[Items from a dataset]
____
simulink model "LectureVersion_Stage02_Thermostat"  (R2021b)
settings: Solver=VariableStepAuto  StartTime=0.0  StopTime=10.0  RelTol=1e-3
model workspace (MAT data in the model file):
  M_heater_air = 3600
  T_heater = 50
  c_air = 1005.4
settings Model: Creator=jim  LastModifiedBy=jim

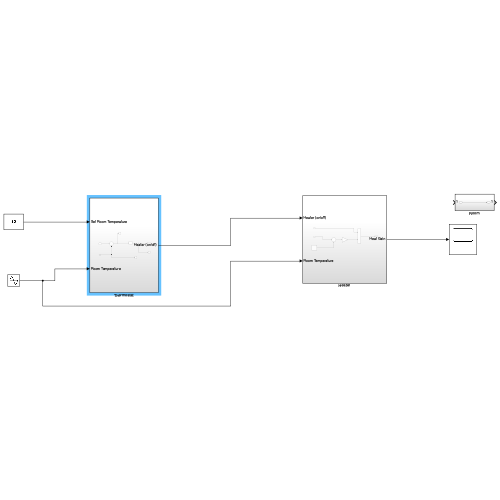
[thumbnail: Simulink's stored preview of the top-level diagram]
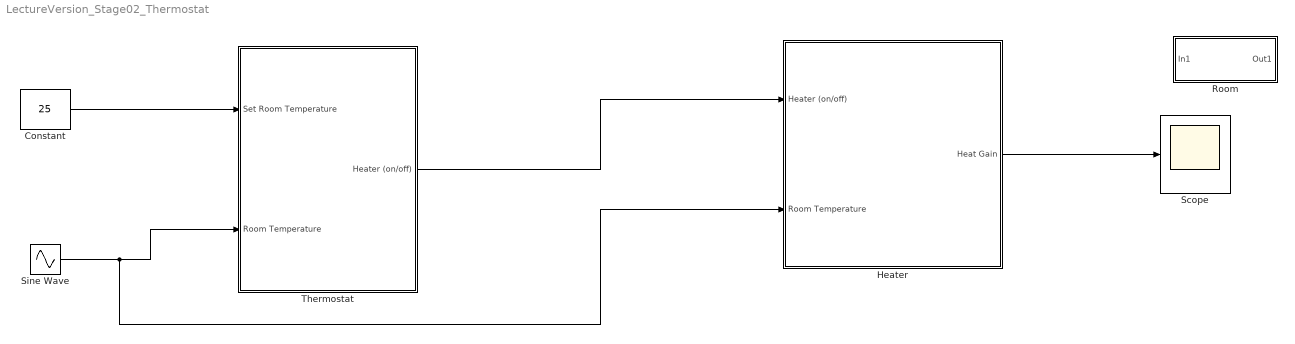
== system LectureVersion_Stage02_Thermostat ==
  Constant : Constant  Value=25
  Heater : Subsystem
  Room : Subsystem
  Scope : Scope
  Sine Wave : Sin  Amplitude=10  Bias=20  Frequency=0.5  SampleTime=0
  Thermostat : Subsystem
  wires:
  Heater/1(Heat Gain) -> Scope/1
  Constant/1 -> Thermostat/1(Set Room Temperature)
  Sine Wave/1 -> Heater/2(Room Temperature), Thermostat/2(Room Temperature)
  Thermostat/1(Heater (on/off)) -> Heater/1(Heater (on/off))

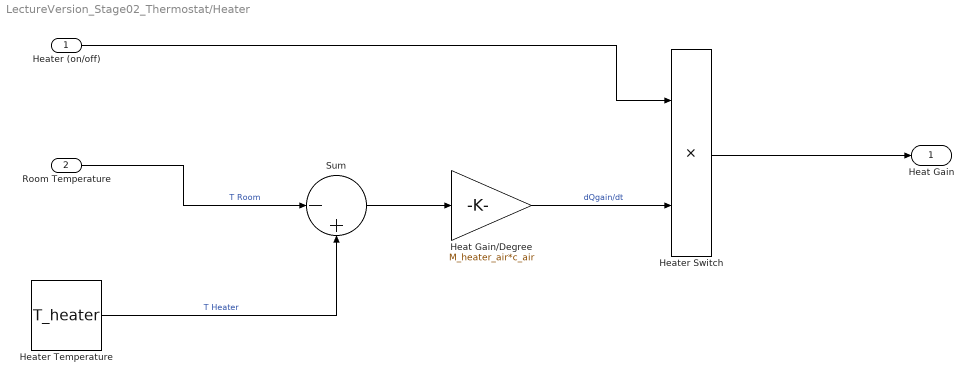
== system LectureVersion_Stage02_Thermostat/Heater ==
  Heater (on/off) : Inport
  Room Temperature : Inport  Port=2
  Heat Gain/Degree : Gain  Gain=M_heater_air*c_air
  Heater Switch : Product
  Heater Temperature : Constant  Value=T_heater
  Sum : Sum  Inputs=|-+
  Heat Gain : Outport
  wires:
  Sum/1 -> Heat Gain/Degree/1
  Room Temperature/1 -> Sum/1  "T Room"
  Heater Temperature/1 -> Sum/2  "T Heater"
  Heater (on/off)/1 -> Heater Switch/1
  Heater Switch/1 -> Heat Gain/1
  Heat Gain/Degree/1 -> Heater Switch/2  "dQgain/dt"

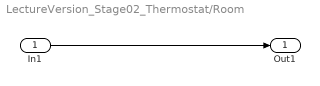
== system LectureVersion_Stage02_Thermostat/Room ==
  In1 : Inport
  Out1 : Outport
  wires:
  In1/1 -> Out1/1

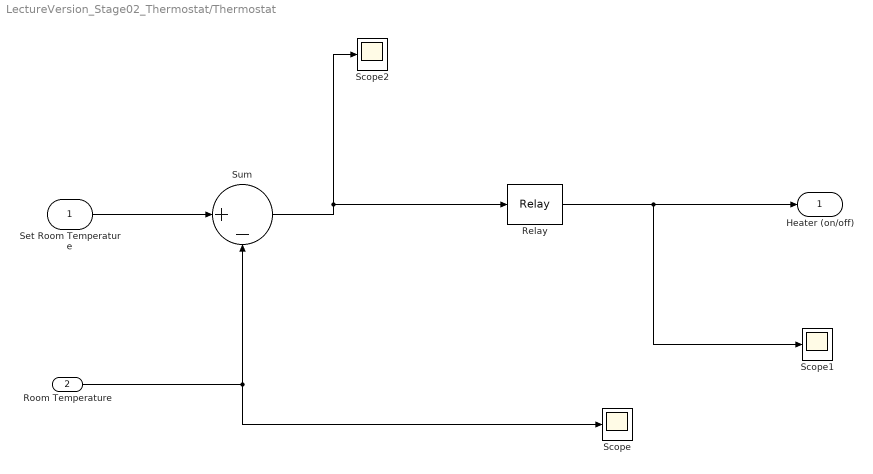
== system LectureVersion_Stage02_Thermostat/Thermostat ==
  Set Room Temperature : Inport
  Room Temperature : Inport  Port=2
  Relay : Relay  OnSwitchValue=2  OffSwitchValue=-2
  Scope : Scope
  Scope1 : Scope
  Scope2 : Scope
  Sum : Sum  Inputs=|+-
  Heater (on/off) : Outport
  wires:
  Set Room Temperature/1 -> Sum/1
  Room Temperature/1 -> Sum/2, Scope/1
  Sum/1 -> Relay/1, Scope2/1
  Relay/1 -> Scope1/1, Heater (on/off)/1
____
#### What the task asks
When you retype the data above, match every line exactly and leave the pictures behind.

#### Solution below
simulink model "LectureVersion_Stage02_Thermostat"  (R2021b)
settings: Solver=VariableStepAuto  StartTime=0.0  StopTime=10.0  RelTol=1e-3
model workspace (MAT data in the model file):
  M_heater_air = 3600
  T_heater = 50
  c_air = 1005.4
settings Model: Creator=jim  LastModifiedBy=jim

[thumbnail: Simulink's stored preview of the top-level diagram]
== system LectureVersion_Stage02_Thermostat ==
  Constant : Constant  Value=25
  Heater : Subsystem
  Room : Subsystem
  Scope : Scope
  Sine Wave : Sin  Amplitude=10  Bias=20  Frequency=0.5  SampleTime=0
  Thermostat : Subsystem
  wires:
  Heater/1(Heat Gain) -> Scope/1
  Constant/1 -> Thermostat/1(Set Room Temperature)
  Sine Wave/1 -> Heater/2(Room Temperature), Thermostat/2(Room Temperature)
  Thermostat/1(Heater (on/off)) -> Heater/1(Heater (on/off))

== system LectureVersion_Stage02_Thermostat/Heater ==
  Heater (on/off) : Inport
  Room Temperature : Inport  Port=2
  Heat Gain/Degree : Gain  Gain=M_heater_air*c_air
  Heater Switch : Product
  Heater Temperature : Constant  Value=T_heater
  Sum : Sum  Inputs=|-+
  Heat Gain : Outport
  wires:
  Sum/1 -> Heat Gain/Degree/1
  Room Temperature/1 -> Sum/1  "T Room"
  Heater Temperature/1 -> Sum/2  "T Heater"
  Heater (on/off)/1 -> Heater Switch/1
  Heater Switch/1 -> Heat Gain/1
  Heat Gain/Degree/1 -> Heater Switch/2  "dQgain/dt"

== system LectureVersion_Stage02_Thermostat/Room ==
  In1 : Inport
  Out1 : Outport
  wires:
  In1/1 -> Out1/1

== system LectureVersion_Stage02_Thermostat/Thermostat ==
  Set Room Temperature : Inport
  Room Temperature : Inport  Port=2
  Relay : Relay  OnSwitchValue=2  OffSwitchValue=-2
  Scope : Scope
  Scope1 : Scope
  Scope2 : Scope
  Sum : Sum  Inputs=|+-
  Heater (on/off) : Outport
  wires:
  Set Room Temperature/1 -> Sum/1
  Room Temperature/1 -> Sum/2, Scope/1
  Sum/1 -> Relay/1, Scope2/1
  Relay/1 -> Scope1/1, Heater (on/off)/1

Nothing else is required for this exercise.